* [Dataset content]
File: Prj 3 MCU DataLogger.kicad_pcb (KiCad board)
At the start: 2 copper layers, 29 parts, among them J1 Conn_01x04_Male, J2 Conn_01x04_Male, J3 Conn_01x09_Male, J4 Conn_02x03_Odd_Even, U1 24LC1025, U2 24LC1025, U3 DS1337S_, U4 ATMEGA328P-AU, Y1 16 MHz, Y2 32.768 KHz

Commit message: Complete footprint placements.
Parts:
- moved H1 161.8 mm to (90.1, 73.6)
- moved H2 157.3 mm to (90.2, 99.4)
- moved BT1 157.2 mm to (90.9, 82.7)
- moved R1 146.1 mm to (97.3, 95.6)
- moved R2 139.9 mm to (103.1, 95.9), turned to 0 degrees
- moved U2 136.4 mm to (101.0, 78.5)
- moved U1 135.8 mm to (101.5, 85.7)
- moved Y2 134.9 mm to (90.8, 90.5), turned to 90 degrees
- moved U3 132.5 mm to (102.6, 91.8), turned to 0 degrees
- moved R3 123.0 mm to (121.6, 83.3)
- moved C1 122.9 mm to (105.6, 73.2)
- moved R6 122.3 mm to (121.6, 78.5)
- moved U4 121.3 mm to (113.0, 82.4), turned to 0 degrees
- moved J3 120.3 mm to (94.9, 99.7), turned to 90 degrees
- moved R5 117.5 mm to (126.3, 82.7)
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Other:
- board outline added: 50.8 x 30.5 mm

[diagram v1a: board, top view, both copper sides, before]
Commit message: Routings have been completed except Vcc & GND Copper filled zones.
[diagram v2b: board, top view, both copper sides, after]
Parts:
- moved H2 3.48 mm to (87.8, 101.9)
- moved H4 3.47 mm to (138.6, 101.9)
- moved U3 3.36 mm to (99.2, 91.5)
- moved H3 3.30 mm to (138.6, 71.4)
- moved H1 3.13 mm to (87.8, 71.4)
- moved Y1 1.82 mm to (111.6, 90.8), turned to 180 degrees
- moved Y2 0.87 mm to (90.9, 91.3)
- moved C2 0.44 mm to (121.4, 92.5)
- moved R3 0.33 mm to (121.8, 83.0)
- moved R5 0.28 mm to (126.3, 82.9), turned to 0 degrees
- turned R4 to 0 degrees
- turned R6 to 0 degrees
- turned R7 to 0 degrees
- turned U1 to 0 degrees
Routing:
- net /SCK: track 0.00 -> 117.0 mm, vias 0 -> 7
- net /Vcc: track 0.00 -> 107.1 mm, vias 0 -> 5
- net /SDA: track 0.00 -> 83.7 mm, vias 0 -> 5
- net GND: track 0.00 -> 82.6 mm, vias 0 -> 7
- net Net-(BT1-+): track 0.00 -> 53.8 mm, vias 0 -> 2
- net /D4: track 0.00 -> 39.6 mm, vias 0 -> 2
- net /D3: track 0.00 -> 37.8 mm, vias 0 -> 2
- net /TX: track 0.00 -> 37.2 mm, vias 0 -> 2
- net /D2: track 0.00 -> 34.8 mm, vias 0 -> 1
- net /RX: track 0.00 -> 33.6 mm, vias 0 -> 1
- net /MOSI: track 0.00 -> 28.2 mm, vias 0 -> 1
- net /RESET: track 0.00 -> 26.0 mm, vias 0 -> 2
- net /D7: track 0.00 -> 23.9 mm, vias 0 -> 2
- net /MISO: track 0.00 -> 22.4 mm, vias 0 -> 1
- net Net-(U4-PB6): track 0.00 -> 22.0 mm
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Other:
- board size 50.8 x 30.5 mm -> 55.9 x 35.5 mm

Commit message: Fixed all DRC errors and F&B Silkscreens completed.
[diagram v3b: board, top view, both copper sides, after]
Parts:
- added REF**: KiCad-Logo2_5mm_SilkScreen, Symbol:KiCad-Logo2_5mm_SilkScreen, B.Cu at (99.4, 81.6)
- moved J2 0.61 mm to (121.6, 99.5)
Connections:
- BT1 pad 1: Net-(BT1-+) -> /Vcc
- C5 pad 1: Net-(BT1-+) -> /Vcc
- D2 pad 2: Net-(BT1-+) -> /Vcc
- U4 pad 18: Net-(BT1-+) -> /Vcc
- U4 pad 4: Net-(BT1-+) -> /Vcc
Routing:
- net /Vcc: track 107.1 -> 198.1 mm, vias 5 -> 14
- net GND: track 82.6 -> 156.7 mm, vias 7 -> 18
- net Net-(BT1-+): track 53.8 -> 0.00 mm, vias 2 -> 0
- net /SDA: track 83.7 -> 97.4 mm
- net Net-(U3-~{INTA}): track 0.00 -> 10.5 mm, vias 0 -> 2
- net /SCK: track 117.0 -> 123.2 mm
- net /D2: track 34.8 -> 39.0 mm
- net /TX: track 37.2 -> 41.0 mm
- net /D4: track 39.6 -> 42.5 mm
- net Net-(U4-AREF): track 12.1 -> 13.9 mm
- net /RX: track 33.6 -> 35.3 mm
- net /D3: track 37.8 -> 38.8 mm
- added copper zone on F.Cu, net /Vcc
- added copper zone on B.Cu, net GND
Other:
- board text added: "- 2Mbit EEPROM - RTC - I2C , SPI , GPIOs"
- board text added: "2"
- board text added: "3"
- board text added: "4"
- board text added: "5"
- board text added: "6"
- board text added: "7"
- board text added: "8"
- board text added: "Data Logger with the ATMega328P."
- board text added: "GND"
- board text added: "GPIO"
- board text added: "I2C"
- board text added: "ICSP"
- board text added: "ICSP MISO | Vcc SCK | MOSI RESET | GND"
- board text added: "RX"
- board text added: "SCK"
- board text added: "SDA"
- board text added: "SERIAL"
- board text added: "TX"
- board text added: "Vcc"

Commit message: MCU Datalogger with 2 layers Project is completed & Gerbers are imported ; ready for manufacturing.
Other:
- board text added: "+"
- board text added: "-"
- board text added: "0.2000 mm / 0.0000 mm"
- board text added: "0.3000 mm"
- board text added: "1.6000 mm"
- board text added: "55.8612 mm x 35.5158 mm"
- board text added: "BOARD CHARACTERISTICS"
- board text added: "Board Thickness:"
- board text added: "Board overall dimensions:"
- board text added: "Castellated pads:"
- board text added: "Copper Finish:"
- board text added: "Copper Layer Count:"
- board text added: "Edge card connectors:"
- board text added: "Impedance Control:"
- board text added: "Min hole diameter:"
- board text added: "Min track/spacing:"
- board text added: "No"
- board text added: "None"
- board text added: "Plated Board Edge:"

* [Instructions to follow] Go line by line through the material above and return each one that includes "MOSI".

* [Response below]
- net /MOSI: track 0.00 -> 28.2 mm, vias 0 -> 1
- board text added: "ICSP MISO | Vcc SCK | MOSI RESET | GND"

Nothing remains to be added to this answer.